TASK> Lines before the one containing "line L2 (-80, 35) -> (-80, -35)" are left out; copy that line and every later line through the end of the data exactly.

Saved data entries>

================

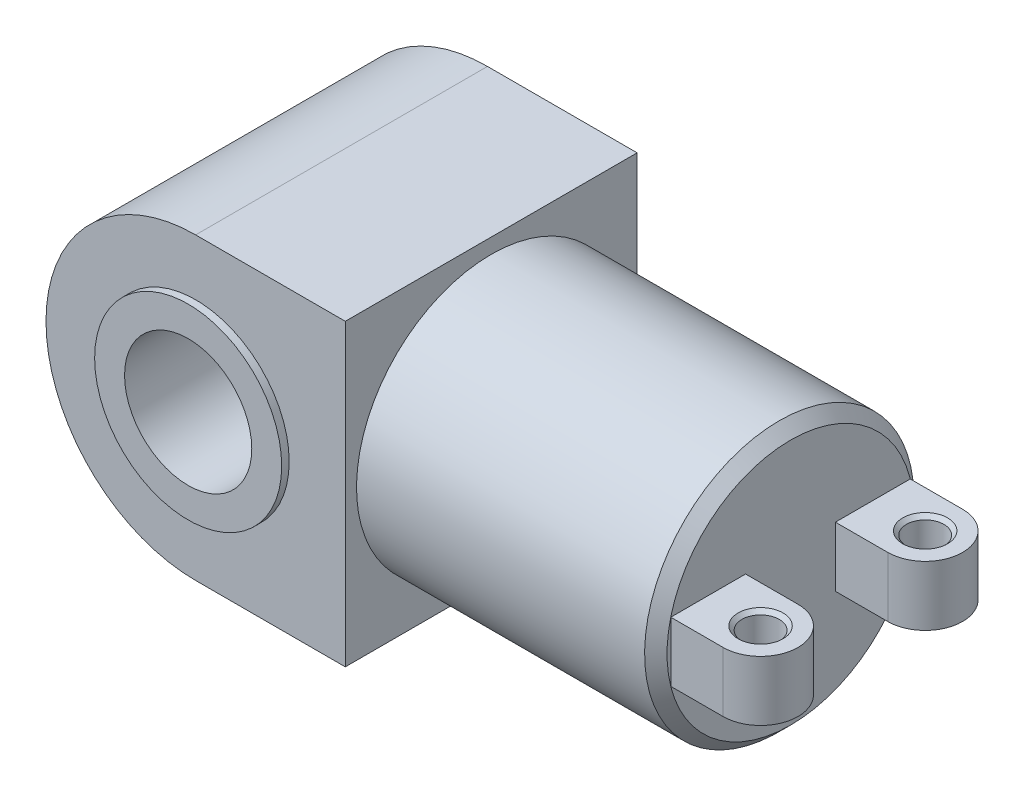
SolidWorks part; units mm, degrees
material "Balsa"
ref_plane "Front Plane" through (0, 0, 0) normal (0, 0, 1) x (1, 0, 0)
ref_plane "Top Plane" through (0, 0, 0) normal (0, 1, 0) x (1, 0, 0)
ref_plane "Right Plane" through (0, 0, 0) normal (1, 0, 0) x (0, 0, -1)
sketch "Sketch1" plane through (0, 0, 0) normal (0, 0, 1) x (1, 0, 0)
  line L0 (0, 0) -> (100, 0) construction
  line L1 (100, 100) -> (100, -100)
  line L2 (100, 100) -> (0, 100)
  line L3 (0, -100) -> (100, -100)
  circle A0 centre (0, 0) radius 42.5
  arc A1 (0, 100) -> (0, -100) centre (0, 0) ccw
  point P7 (100, 0)
  dimension "D1" = 85
  dimension "D2" = 200
  dimension "D3" = 200
  dimension "D4" = 100
extrude "Boss-Extrude1" add sketch "Sketch1" along normal mid plane 195
sketch "Sketch2" plane through (0, 0, -97.5) normal (0, 0, -1) x (-1, 0, 0)
  circle A0 centre (0, 0) radius 42.5 construction
  circle A1 centre (0, 0) radius 42.5
  circle A2 centre (0, 0) radius 62.5
  dimension "D1" = 125
extrude "Boss-Extrude2" add sketch "Sketch2" along normal blind 5
sketch "Sketch3" plane through (0, 0, 97.5) normal (0, 0, 1) x (1, 0, 0)
  circle A0 centre (0, 0) radius 42.5 construction
  circle A1 centre (0, 0) radius 62.5
  circle A2 centre (0, 0) radius 62.5
  circle A3 centre (0, 0) radius 42.5
  dimension "D1" = 0
extrude "Boss-Extrude3" add sketch "Sketch3" along normal blind 5
sketch "Sketch4" plane through (100, 0, 0) normal (1, 0, 0) x (0, 0, -1)
  circle A0 centre (0, 0) radius 90
  dimension "D1" = 180
extrude "Boss-Extrude4" add sketch "Sketch4" along normal blind 200
sketch "Sketch6" plane through (0, 0, 0) normal (0, 1, 0) x (1, 0, 0)
  line L1 (300, -80) -> (335, -80)
  line L2 (300, -80) -> (300, -30)
  line L3 (300, -30) -> (335, -30)
  line L5 (300, 80) -> (335, 80)
  line L6 (300, 80) -> (300, 30)
  line L7 (300, 30) -> (335, 30)
  line L8 (300, 90) -> (100, 90) construction
  line L9 (100, -90) -> (300, -90) construction
  line L10 (300, -90) -> (300, 90) construction
  line L11 (335, 55) -> (335, -55) construction
  arc A0 (335, -80) -> (335, -30) centre (335, -55) ccw
  arc A1 (335, 30) -> (335, 80) centre (335, 55) ccw
  circle A2 centre (335, -55) radius 12.5
  circle A3 centre (335, 55) radius 12.5
  dimension "D2" = 25
  dimension "D9" = 35
  dimension "D1" = 35
  dimension "D3" = 35
  dimension "D4" = 35
  dimension "D5" = 25
  dimension "D6" = 25
  dimension "D7" = 10
  dimension "D8" = 10
extrude "Boss-Extrude5" add sketch "Sketch6" along normal mid plane 40
chamfer "Chamfer1" distance 7.5 angle 45 1 edges at (300, 90, 0)
chamfer "Chamfer2" distance 2.5 angle 45 4 edges at (335, -20, 67.5) (335, 20, 67.5) (335, -20, -42.5) (335, 20, -42.5)
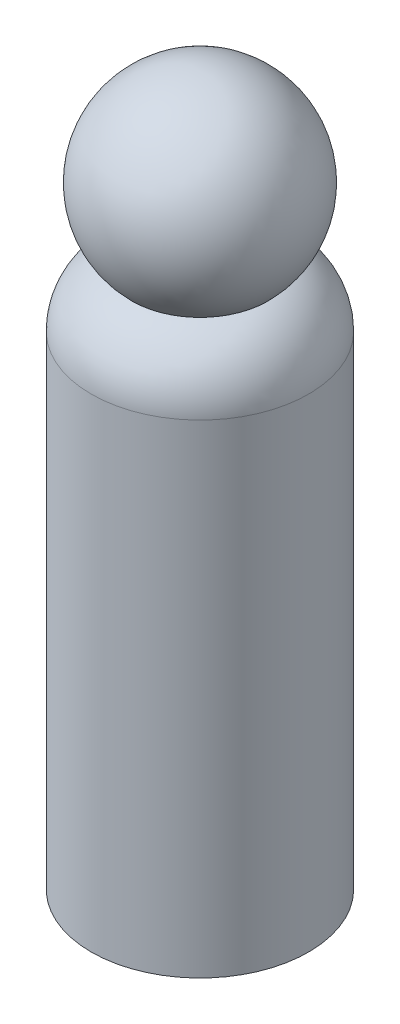
SolidWorks part; units mm, degrees
material "Beech"
ref_plane "Front Plane" through (0, 0, 0) normal (0, 0, 1) x (1, 0, 0)
ref_plane "Top Plane" through (0, 0, 0) normal (0, 1, 0) x (1, 0, 0)
ref_plane "Right Plane" through (0, 0, 0) normal (1, 0, 0) x (0, 0, -1)
sketch "Sketch1" plane through (0, 0, 0) normal (0, 0, 1) x (1, 0, 0)
  line L0 (0, 0) -> (-21.4312, 0)
  line L1 (-21.4312, 0) -> (-21.4312, 95.25)
  line L3 (0, 139.7) -> (0, 0)
  arc A0 (0, 139.7) -> (-13.3646, 107.0746) centre (0, 120.65) ccw
  arc A1 (-21.4312, 95.25) -> (-13.3646, 107.0746) centre (-8.7312, 95.25) cw
  point P9 (-21.4312, 107.95)
  dimension "D3" = 38.1
  dimension "D4" = 12.7
  dimension "D6" = 21.4312
  dimension "D7" = 95.25
  dimension "D1" = 107.95
  dimension "D2" = 21.4312
  dimension "D5" = 120.65
  dimension "D8" = 21.4312
revolve "Revolve1" add sketch "Sketch1" angle 360 about L3
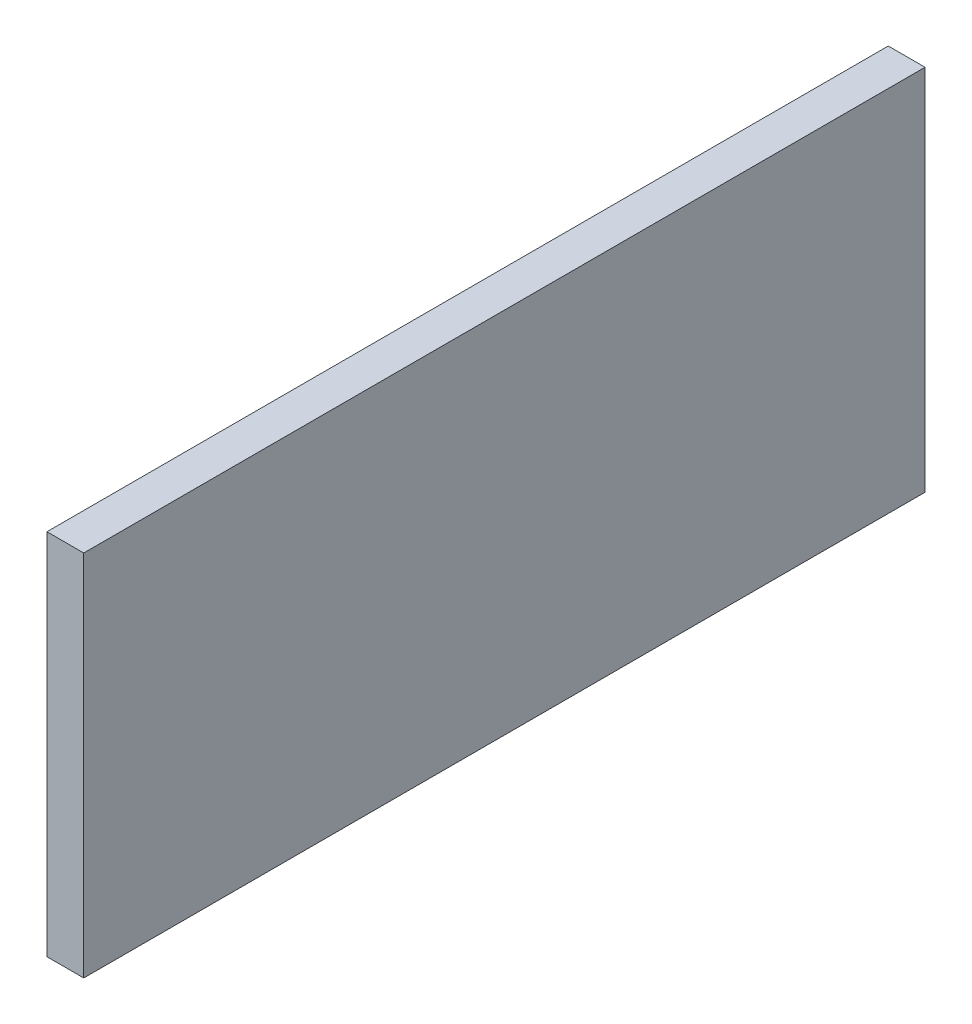
SolidWorks part; units mm, degrees
ref_plane "Front Plane" through (0, 0, 0) normal (0, 0, 1) x (1, 0, 0)
ref_plane "Top Plane" through (0, 0, 0) normal (0, 1, 0) x (1, 0, 0)
ref_plane "Right Plane" through (0, 0, 0) normal (1, 0, 0) x (0, 0, -1)
sketch "Sketch1" plane through (0, 0, 0) normal (1, 0, 0) x (0, 0, -1)
  line L1 (-80, 35) -> (80, 35)
  line L2 (-80, 35) -> (-80, -35)
  line L3 (-80, -35) -> (80, -35)
  line L4 (80, 35) -> (80, -35)
  line L5 (-80, 35) -> (80, -35) construction
  line L6 (-80, -35) -> (80, 35) construction
  point P0 (0, 0)
  dimension "D1" = 70
  dimension "D2" = 160
extrude "Boss-Extrude1" add sketch "Sketch1" along normal blind 7

================

WRITTEN SOLUTION>
  line L2 (-80, 35) -> (-80, -35)
  line L3 (-80, -35) -> (80, -35)
  line L4 (80, 35) -> (80, -35)
  line L5 (-80, 35) -> (80, -35) construction
  line L6 (-80, -35) -> (80, 35) construction
  point P0 (0, 0)
  dimension "D1" = 70
  dimension "D2" = 160
extrude "Boss-Extrude1" add sketch "Sketch1" along normal blind 7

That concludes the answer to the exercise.